The cannon on a pirate ships shoots cannon balls with a speed of 350m/s (the muzzle velocity). The cannon can be adjusted to shoot at any elevation above the horizontal. Ignoring air resistance and assuming the cannon ball is shot from ground (or water) level, what is the greatest horizontal distance the cannon ball can be shot in m ?
To find the greatest horizontal distance the cannonball can be shot, we need to determine the angle at which the cannon should be fired.
We know that the horizontal distance traveled by the cannonball is given by the equation:
d = (v^2 * sin(2θ))/g
Where:
- d is the horizontal distance
- v is the muzzle velocity (350 m/s)
- θ is the angle of elevation
- g is the acceleration due to gravity (9.8 m/s^2)
To maximize the horizontal distance, we need to find the angle that gives the maximum value for the expression (v^2 * sin(2θ))/g.
To find this angle, we can take the derivative of the expression with respect to θ and set it equal to 0 to find the maximum point.

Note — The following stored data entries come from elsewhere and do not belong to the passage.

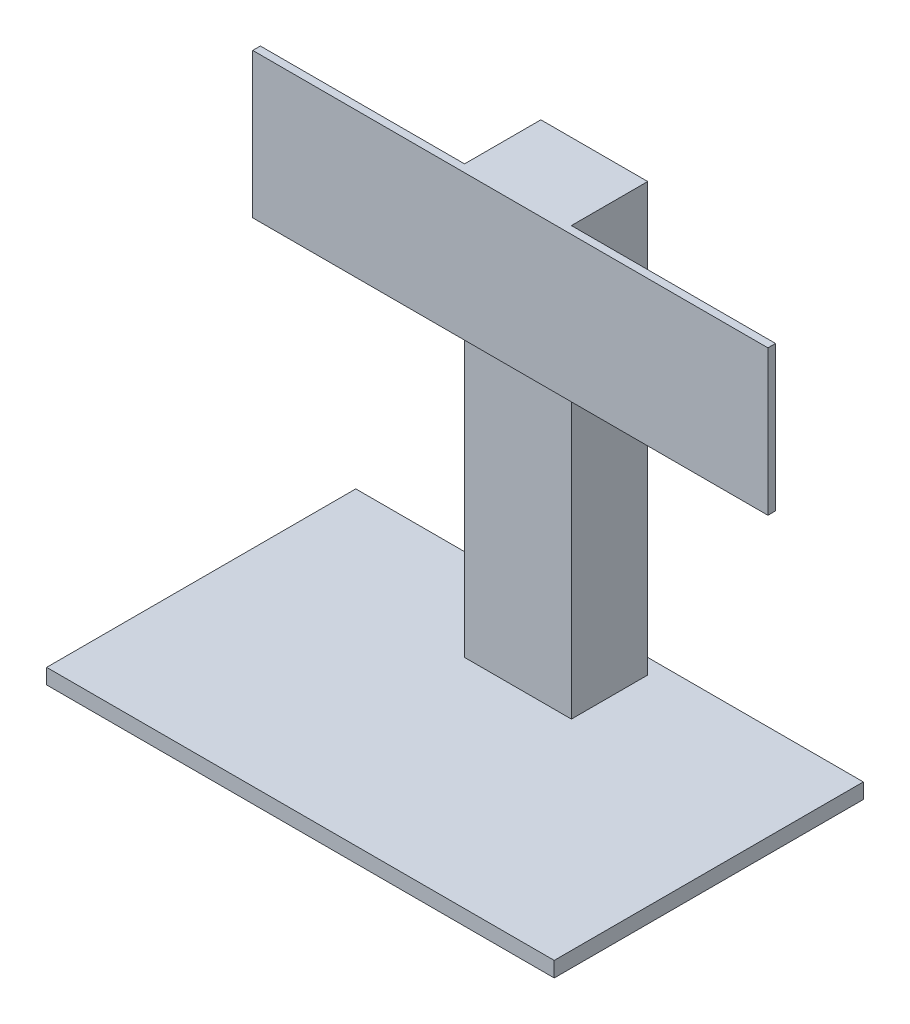
ISO-10303-21;
HEADER;
FILE_DESCRIPTION(('STEP AP214'),'2;1');
FILE_NAME('part.step','',(''),(''),'','','');
FILE_SCHEMA(('AUTOMOTIVE_DESIGN { 1 0 10303 214 1 1 1 1 }'));
ENDSEC;
DATA;
#1=APPLICATION_CONTEXT('core data for automotive mechanical design processes');
#2=APPLICATION_PROTOCOL_DEFINITION('international standard','automotive_design',2000,#1);
#3=PRODUCT_CONTEXT('',#1,'mechanical');
#4=PRODUCT('Part','Part','',(#3));
#5=PRODUCT_RELATED_PRODUCT_CATEGORY('part','',(#4));
#6=PRODUCT_DEFINITION_FORMATION('','',#4);
#7=PRODUCT_DEFINITION_CONTEXT('part definition',#1,'design');
#8=PRODUCT_DEFINITION('design','',#6,#7);
#9=PRODUCT_DEFINITION_SHAPE('','',#8);
#10=(LENGTH_UNIT() NAMED_UNIT(*) SI_UNIT(.MILLI.,.METRE.));
#11=(NAMED_UNIT(*) PLANE_ANGLE_UNIT() SI_UNIT($,.RADIAN.));
#12=(NAMED_UNIT(*) SI_UNIT($,.STERADIAN.) SOLID_ANGLE_UNIT());
#13=UNCERTAINTY_MEASURE_WITH_UNIT(LENGTH_MEASURE(1.E-05),#10,'distance_accuracy_value','');
#14=(GEOMETRIC_REPRESENTATION_CONTEXT(3) GLOBAL_UNCERTAINTY_ASSIGNED_CONTEXT((#13)) GLOBAL_UNIT_ASSIGNED_CONTEXT((#10,
#11,#12)) REPRESENTATION_CONTEXT('',''));
#15=CARTESIAN_POINT('',(0.,0.,0.));
#16=DIRECTION('',(0.,0.,1.));
#17=DIRECTION('',(1.,0.,0.));
#18=AXIS2_PLACEMENT_3D('',#15,#16,#17);
#19=CARTESIAN_POINT('',(-44.45,368.3,-52.3875));
#20=DIRECTION('',(0.,0.,-1.));
#21=DIRECTION('',(-1.,0.,0.));
#22=AXIS2_PLACEMENT_3D('',#19,#20,#21);
#23=PLANE('',#22);
#24=DIRECTION('',(1.,0.,0.));
#25=VECTOR('',#24,1.);
#26=CARTESIAN_POINT('',(-214.3125,247.65,-52.3875));
#27=LINE('',#26,#25);
#28=CARTESIAN_POINT('',(-44.45,247.65,-52.3875));
#29=VERTEX_POINT('',#28);
#30=CARTESIAN_POINT('',(44.45,247.65,-52.3875));
#31=VERTEX_POINT('',#30);
#32=EDGE_CURVE('E312',#29,#31,#27,.T.);
#33=ORIENTED_EDGE('',*,*,#32,.F.);
#34=DIRECTION('',(0.,-1.,0.));
#35=VECTOR('',#34,1.);
#36=CARTESIAN_POINT('',(-44.45,368.3,-52.3875));
#37=LINE('',#36,#35);
#38=CARTESIAN_POINT('',(-44.45,12.7,-52.3875));
#39=VERTEX_POINT('',#38);
#40=EDGE_CURVE('E58',#29,#39,#37,.T.);
#41=ORIENTED_EDGE('',*,*,#40,.T.);
#42=DIRECTION('',(1.,0.,0.));
#43=VECTOR('',#42,1.);
#44=CARTESIAN_POINT('',(-44.45,12.7,-52.3875));
#45=LINE('',#44,#43);
#46=CARTESIAN_POINT('',(44.45,12.7,-52.3875));
#47=VERTEX_POINT('',#46);
#48=EDGE_CURVE('E197',#39,#47,#45,.T.);
#49=ORIENTED_EDGE('',*,*,#48,.T.);
#50=DIRECTION('',(0.,-1.,0.));
#51=VECTOR('',#50,1.);
#52=CARTESIAN_POINT('',(44.45,368.3,-52.3875));
#53=LINE('',#52,#51);
#54=EDGE_CURVE('E203',#31,#47,#53,.T.);
#55=ORIENTED_EDGE('',*,*,#54,.F.);
#56=EDGE_LOOP('',(#33,#41,#49,#55));
#57=FACE_BOUND('',#56,.T.);
#58=ADVANCED_FACE('F41',(#57),#23,.F.);
#59=CARTESIAN_POINT('',(0.,12.7,0.));
#60=DIRECTION('',(0.,1.,0.));
#61=DIRECTION('',(0.,0.,1.));
#62=AXIS2_PLACEMENT_3D('',#59,#60,#61);
#63=PLANE('',#62);
#64=DIRECTION('',(0.,0.,1.));
#65=VECTOR('',#64,1.);
#66=CARTESIAN_POINT('',(-211.1375,12.7,128.5875));
#67=LINE('',#66,#65);
#68=CARTESIAN_POINT('',(-211.1375,12.7,-128.5875));
#69=VERTEX_POINT('',#68);
#70=CARTESIAN_POINT('',(-211.1375,12.7,128.5875));
#71=VERTEX_POINT('',#70);
#72=EDGE_CURVE('E227',#69,#71,#67,.T.);
#73=ORIENTED_EDGE('',*,*,#72,.T.);
#74=DIRECTION('',(1.,0.,0.));
#75=VECTOR('',#74,1.);
#76=CARTESIAN_POINT('',(211.1375,12.7,128.5875));
#77=LINE('',#76,#75);
#78=CARTESIAN_POINT('',(211.1375,12.7,128.5875));
#79=VERTEX_POINT('',#78);
#80=EDGE_CURVE('E95',#71,#79,#77,.T.);
#81=ORIENTED_EDGE('',*,*,#80,.T.);
#82=DIRECTION('',(0.,0.,-1.));
#83=VECTOR('',#82,1.);
#84=CARTESIAN_POINT('',(211.1375,12.7,128.5875));
#85=LINE('',#84,#83);
#86=CARTESIAN_POINT('',(211.1375,12.7,-128.5875));
#87=VERTEX_POINT('',#86);
#88=EDGE_CURVE('E231',#79,#87,#85,.T.);
#89=ORIENTED_EDGE('',*,*,#88,.T.);
#90=DIRECTION('',(-1.,0.,0.));
#91=VECTOR('',#90,1.);
#92=CARTESIAN_POINT('',(211.1375,12.7,-128.5875));
#93=LINE('',#92,#91);
#94=EDGE_CURVE('E67',#87,#69,#93,.T.);
#95=ORIENTED_EDGE('',*,*,#94,.T.);
#96=EDGE_LOOP('',(#73,#81,#89,#95));
#97=FACE_BOUND('',#96,.T.);
#98=DIRECTION('',(-1.,0.,0.));
#99=VECTOR('',#98,1.);
#100=CARTESIAN_POINT('',(-44.45,12.7,-115.8875));
#101=LINE('',#100,#99);
#102=CARTESIAN_POINT('',(44.45,12.7,-115.8875));
#103=VERTEX_POINT('',#102);
#104=CARTESIAN_POINT('',(-44.45,12.7,-115.8875));
#105=VERTEX_POINT('',#104);
#106=EDGE_CURVE('E187',#103,#105,#101,.T.);
#107=ORIENTED_EDGE('',*,*,#106,.F.);
#108=DIRECTION('',(0.,0.,-1.));
#109=VECTOR('',#108,1.);
#110=CARTESIAN_POINT('',(44.45,12.7,-52.3875));
#111=LINE('',#110,#109);
#112=EDGE_CURVE('E183',#47,#103,#111,.T.);
#113=ORIENTED_EDGE('',*,*,#112,.F.);
#114=ORIENTED_EDGE('',*,*,#48,.F.);
#115=DIRECTION('',(0.,0.,1.));
#116=VECTOR('',#115,1.);
#117=CARTESIAN_POINT('',(-44.45,12.7,-52.3875));
#118=LINE('',#117,#116);
#119=EDGE_CURVE('E207',#105,#39,#118,.T.);
#120=ORIENTED_EDGE('',*,*,#119,.F.);
#121=EDGE_LOOP('',(#107,#113,#114,#120));
#122=FACE_BOUND('',#121,.T.);
#123=ADVANCED_FACE('F271',(#97,#122),#63,.T.);
#124=CARTESIAN_POINT('',(-211.1375,12.7,128.5875));
#125=DIRECTION('',(1.,0.,0.));
#126=DIRECTION('',(0.,0.,-1.));
#127=AXIS2_PLACEMENT_3D('',#124,#125,#126);
#128=PLANE('',#127);
#129=DIRECTION('',(0.,0.,1.));
#130=VECTOR('',#129,1.);
#131=CARTESIAN_POINT('',(-211.1375,0.,128.5875));
#132=LINE('',#131,#130);
#133=CARTESIAN_POINT('',(-211.1375,0.,-128.5875));
#134=VERTEX_POINT('',#133);
#135=CARTESIAN_POINT('',(-211.1375,0.,128.5875));
#136=VERTEX_POINT('',#135);
#137=EDGE_CURVE('E226',#134,#136,#132,.T.);
#138=ORIENTED_EDGE('',*,*,#137,.T.);
#139=DIRECTION('',(0.,-1.,0.));
#140=VECTOR('',#139,1.);
#141=CARTESIAN_POINT('',(-211.1375,12.7,128.5875));
#142=LINE('',#141,#140);
#143=EDGE_CURVE('E11',#71,#136,#142,.T.);
#144=ORIENTED_EDGE('',*,*,#143,.F.);
#145=ORIENTED_EDGE('',*,*,#72,.F.);
#146=DIRECTION('',(0.,-1.,0.));
#147=VECTOR('',#146,1.);
#148=CARTESIAN_POINT('',(-211.1375,12.7,-128.5875));
#149=LINE('',#148,#147);
#150=EDGE_CURVE('E235',#69,#134,#149,.T.);
#151=ORIENTED_EDGE('',*,*,#150,.T.);
#152=EDGE_LOOP('',(#138,#144,#145,#151));
#153=FACE_BOUND('',#152,.T.);
#154=ADVANCED_FACE('F43',(#153),#128,.F.);
#155=CARTESIAN_POINT('',(211.1375,12.7,128.5875));
#156=DIRECTION('',(0.,0.,-1.));
#157=DIRECTION('',(-1.,0.,0.));
#158=AXIS2_PLACEMENT_3D('',#155,#156,#157);
#159=PLANE('',#158);
#160=DIRECTION('',(1.,0.,0.));
#161=VECTOR('',#160,1.);
#162=CARTESIAN_POINT('',(211.1375,0.,128.5875));
#163=LINE('',#162,#161);
#164=CARTESIAN_POINT('',(211.1375,0.,128.5875));
#165=VERTEX_POINT('',#164);
#166=EDGE_CURVE('E238',#136,#165,#163,.T.);
#167=ORIENTED_EDGE('',*,*,#166,.T.);
#168=DIRECTION('',(0.,-1.,0.));
#169=VECTOR('',#168,1.);
#170=CARTESIAN_POINT('',(211.1375,12.7,128.5875));
#171=LINE('',#170,#169);
#172=EDGE_CURVE('E49',#79,#165,#171,.T.);
#173=ORIENTED_EDGE('',*,*,#172,.F.);
#174=ORIENTED_EDGE('',*,*,#80,.F.);
#175=ORIENTED_EDGE('',*,*,#143,.T.);
#176=EDGE_LOOP('',(#167,#173,#174,#175));
#177=FACE_BOUND('',#176,.T.);
#178=ADVANCED_FACE('F268',(#177),#159,.F.);
#179=CARTESIAN_POINT('',(211.1375,12.7,128.5875));
#180=DIRECTION('',(-1.,0.,0.));
#181=DIRECTION('',(0.,0.,1.));
#182=AXIS2_PLACEMENT_3D('',#179,#180,#181);
#183=PLANE('',#182);
#184=DIRECTION('',(0.,0.,-1.));
#185=VECTOR('',#184,1.);
#186=CARTESIAN_POINT('',(211.1375,0.,128.5875));
#187=LINE('',#186,#185);
#188=CARTESIAN_POINT('',(211.1375,0.,-128.5875));
#189=VERTEX_POINT('',#188);
#190=EDGE_CURVE('E241',#165,#189,#187,.T.);
#191=ORIENTED_EDGE('',*,*,#190,.T.);
#192=DIRECTION('',(0.,-1.,0.));
#193=VECTOR('',#192,1.);
#194=CARTESIAN_POINT('',(211.1375,12.7,-128.5875));
#195=LINE('',#194,#193);
#196=EDGE_CURVE('E246',#87,#189,#195,.T.);
#197=ORIENTED_EDGE('',*,*,#196,.F.);
#198=ORIENTED_EDGE('',*,*,#88,.F.);
#199=ORIENTED_EDGE('',*,*,#172,.T.);
#200=EDGE_LOOP('',(#191,#197,#198,#199));
#201=FACE_BOUND('',#200,.T.);
#202=ADVANCED_FACE('F251',(#201),#183,.F.);
#203=CARTESIAN_POINT('',(211.1375,12.7,-128.5875));
#204=DIRECTION('',(0.,0.,1.));
#205=DIRECTION('',(1.,0.,0.));
#206=AXIS2_PLACEMENT_3D('',#203,#204,#205);
#207=PLANE('',#206);
#208=DIRECTION('',(-1.,0.,0.));
#209=VECTOR('',#208,1.);
#210=CARTESIAN_POINT('',(211.1375,0.,-128.5875));
#211=LINE('',#210,#209);
#212=EDGE_CURVE('E88',#189,#134,#211,.T.);
#213=ORIENTED_EDGE('',*,*,#212,.T.);
#214=ORIENTED_EDGE('',*,*,#150,.F.);
#215=ORIENTED_EDGE('',*,*,#94,.F.);
#216=ORIENTED_EDGE('',*,*,#196,.T.);
#217=EDGE_LOOP('',(#213,#214,#215,#216));
#218=FACE_BOUND('',#217,.T.);
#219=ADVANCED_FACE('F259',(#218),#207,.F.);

d/dθ ((v^2 * sin(2θ))/g) = 0
2v^2 * cos(2θ) / g = 0
cos(2θ) = 0
2θ = π/2
θ = π/4
So the angle at which the cannon should be fired to achieve the maximum horizontal distance is θ = π/4 radians or 45 degrees.
Now, we can substitute the values into the equation to find the maximum horizontal distance:
d = (v^2 * sin(2θ))/g
= (350^2 * sin(2 * π/4))/9.8
= (122500 * 1)/9.8
≈ 12,500 m
Therefore, the greatest horizontal distance the cannonball can be shot is approximately 12,500 meters.